Dataset records
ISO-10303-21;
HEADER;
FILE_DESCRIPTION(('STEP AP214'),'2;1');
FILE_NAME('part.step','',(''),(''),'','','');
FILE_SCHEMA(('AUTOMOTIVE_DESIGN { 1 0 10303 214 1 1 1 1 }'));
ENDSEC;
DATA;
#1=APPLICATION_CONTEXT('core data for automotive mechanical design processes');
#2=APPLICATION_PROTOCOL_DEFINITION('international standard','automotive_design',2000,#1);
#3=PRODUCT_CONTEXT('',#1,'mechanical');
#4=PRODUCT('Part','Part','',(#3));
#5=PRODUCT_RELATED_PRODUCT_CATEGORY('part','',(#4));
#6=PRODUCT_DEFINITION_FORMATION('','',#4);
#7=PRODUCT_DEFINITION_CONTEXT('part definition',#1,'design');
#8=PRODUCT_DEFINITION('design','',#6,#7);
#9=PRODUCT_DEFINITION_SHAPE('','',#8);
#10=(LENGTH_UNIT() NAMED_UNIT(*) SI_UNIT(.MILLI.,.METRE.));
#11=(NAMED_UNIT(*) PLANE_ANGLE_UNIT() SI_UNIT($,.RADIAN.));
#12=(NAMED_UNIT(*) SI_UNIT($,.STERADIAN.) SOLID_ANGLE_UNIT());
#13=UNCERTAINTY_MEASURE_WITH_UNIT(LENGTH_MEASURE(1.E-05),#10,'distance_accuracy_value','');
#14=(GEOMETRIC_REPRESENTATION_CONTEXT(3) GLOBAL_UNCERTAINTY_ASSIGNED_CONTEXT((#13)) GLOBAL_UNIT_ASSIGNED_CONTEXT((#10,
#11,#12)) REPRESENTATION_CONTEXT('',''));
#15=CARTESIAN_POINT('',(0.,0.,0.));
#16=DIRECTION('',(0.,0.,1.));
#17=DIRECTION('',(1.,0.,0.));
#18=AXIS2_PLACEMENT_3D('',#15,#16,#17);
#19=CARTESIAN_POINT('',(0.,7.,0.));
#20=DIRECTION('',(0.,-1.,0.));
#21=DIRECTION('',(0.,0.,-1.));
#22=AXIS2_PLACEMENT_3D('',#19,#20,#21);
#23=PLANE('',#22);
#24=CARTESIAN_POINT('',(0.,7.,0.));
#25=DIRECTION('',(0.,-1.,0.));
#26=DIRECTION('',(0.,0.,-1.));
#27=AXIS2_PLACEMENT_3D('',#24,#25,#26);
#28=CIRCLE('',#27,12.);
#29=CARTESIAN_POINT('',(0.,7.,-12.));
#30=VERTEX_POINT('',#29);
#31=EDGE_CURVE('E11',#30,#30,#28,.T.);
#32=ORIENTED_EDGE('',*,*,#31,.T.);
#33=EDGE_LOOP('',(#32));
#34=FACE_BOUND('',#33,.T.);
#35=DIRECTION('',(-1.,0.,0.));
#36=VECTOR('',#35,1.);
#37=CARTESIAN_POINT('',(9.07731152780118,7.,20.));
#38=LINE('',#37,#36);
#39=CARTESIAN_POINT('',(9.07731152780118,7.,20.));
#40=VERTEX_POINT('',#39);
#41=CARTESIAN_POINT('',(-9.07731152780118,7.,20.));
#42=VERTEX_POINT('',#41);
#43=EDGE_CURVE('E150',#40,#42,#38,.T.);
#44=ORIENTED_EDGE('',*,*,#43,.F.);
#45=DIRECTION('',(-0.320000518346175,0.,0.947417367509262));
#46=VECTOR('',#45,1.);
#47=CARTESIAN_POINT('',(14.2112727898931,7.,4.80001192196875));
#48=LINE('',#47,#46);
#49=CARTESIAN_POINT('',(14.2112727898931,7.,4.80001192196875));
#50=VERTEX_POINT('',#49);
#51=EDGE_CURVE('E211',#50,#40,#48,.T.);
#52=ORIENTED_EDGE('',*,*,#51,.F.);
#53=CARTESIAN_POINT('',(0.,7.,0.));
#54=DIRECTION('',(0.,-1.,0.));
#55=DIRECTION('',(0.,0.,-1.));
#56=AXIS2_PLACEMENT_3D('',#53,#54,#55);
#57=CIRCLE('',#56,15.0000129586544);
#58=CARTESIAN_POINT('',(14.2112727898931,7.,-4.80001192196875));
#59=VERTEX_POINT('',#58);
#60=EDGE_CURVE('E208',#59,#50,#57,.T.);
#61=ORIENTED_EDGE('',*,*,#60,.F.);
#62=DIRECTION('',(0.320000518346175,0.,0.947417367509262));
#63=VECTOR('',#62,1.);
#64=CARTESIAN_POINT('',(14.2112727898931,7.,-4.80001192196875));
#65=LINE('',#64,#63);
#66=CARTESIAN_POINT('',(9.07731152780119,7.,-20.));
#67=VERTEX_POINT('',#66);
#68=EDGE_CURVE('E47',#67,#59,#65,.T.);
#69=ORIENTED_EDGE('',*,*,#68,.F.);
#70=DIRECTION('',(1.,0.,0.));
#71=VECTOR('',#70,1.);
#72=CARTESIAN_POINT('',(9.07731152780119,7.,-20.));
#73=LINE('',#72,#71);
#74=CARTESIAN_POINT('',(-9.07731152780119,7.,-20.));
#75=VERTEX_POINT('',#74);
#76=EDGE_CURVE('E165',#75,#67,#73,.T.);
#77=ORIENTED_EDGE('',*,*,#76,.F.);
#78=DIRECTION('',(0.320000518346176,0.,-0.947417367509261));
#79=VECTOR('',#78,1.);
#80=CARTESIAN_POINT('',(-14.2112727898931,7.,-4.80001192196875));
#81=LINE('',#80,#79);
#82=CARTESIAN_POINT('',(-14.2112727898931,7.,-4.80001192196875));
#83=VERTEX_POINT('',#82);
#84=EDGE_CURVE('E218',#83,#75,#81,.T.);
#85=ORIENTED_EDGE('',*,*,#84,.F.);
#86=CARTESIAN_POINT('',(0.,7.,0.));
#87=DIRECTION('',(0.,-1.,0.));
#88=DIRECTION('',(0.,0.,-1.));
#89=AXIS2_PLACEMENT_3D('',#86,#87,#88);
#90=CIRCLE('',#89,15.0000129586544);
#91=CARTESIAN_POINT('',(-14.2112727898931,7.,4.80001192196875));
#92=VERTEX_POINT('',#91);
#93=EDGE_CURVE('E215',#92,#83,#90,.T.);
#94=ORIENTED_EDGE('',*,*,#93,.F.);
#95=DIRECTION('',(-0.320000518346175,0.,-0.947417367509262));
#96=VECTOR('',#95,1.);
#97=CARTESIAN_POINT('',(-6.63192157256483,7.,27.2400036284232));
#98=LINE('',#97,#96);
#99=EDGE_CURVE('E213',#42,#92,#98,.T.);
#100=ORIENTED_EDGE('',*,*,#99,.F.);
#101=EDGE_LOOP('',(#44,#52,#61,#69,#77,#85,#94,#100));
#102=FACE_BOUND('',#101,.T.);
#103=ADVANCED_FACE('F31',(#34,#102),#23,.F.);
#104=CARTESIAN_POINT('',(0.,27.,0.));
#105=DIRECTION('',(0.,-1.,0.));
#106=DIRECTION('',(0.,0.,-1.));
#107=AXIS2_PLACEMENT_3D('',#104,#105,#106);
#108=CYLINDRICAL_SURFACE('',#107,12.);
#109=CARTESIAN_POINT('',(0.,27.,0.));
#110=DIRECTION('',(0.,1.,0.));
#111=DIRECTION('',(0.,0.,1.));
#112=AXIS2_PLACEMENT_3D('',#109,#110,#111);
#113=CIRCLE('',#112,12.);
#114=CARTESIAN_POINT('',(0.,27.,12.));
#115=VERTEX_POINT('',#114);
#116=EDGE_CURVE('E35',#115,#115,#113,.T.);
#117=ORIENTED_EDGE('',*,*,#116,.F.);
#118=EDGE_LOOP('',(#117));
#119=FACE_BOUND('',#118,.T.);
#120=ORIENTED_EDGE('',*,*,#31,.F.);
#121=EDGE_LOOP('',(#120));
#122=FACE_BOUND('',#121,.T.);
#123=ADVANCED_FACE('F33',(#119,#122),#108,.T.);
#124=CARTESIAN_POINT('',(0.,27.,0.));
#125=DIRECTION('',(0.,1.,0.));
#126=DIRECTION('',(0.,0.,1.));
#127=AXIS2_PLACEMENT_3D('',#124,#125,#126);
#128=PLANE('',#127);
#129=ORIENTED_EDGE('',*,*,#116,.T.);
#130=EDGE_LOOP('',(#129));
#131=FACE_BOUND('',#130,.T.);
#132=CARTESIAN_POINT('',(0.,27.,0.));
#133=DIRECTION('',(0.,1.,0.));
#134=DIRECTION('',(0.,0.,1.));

◆ **Work request**:
Up to and including the line with "#12=(NAMED_UNIT(*) SI_UNIT($,.STERADIAN.) SOLID_ANGLE_UNIT());", transcribe the entries above exactly, starting from their first line.

◆ **Expected answer**:
ISO-10303-21;
HEADER;
FILE_DESCRIPTION(('STEP AP214'),'2;1');
FILE_NAME('part.step','',(''),(''),'','','');
FILE_SCHEMA(('AUTOMOTIVE_DESIGN { 1 0 10303 214 1 1 1 1 }'));
ENDSEC;
DATA;
#1=APPLICATION_CONTEXT('core data for automotive mechanical design processes');
#2=APPLICATION_PROTOCOL_DEFINITION('international standard','automotive_design',2000,#1);
#3=PRODUCT_CONTEXT('',#1,'mechanical');
#4=PRODUCT('Part','Part','',(#3));
#5=PRODUCT_RELATED_PRODUCT_CATEGORY('part','',(#4));
#6=PRODUCT_DEFINITION_FORMATION('','',#4);
#7=PRODUCT_DEFINITION_CONTEXT('part definition',#1,'design');
#8=PRODUCT_DEFINITION('design','',#6,#7);
#9=PRODUCT_DEFINITION_SHAPE('','',#8);
#10=(LENGTH_UNIT() NAMED_UNIT(*) SI_UNIT(.MILLI.,.METRE.));
#11=(NAMED_UNIT(*) PLANE_ANGLE_UNIT() SI_UNIT($,.RADIAN.));
#12=(NAMED_UNIT(*) SI_UNIT($,.STERADIAN.) SOLID_ANGLE_UNIT());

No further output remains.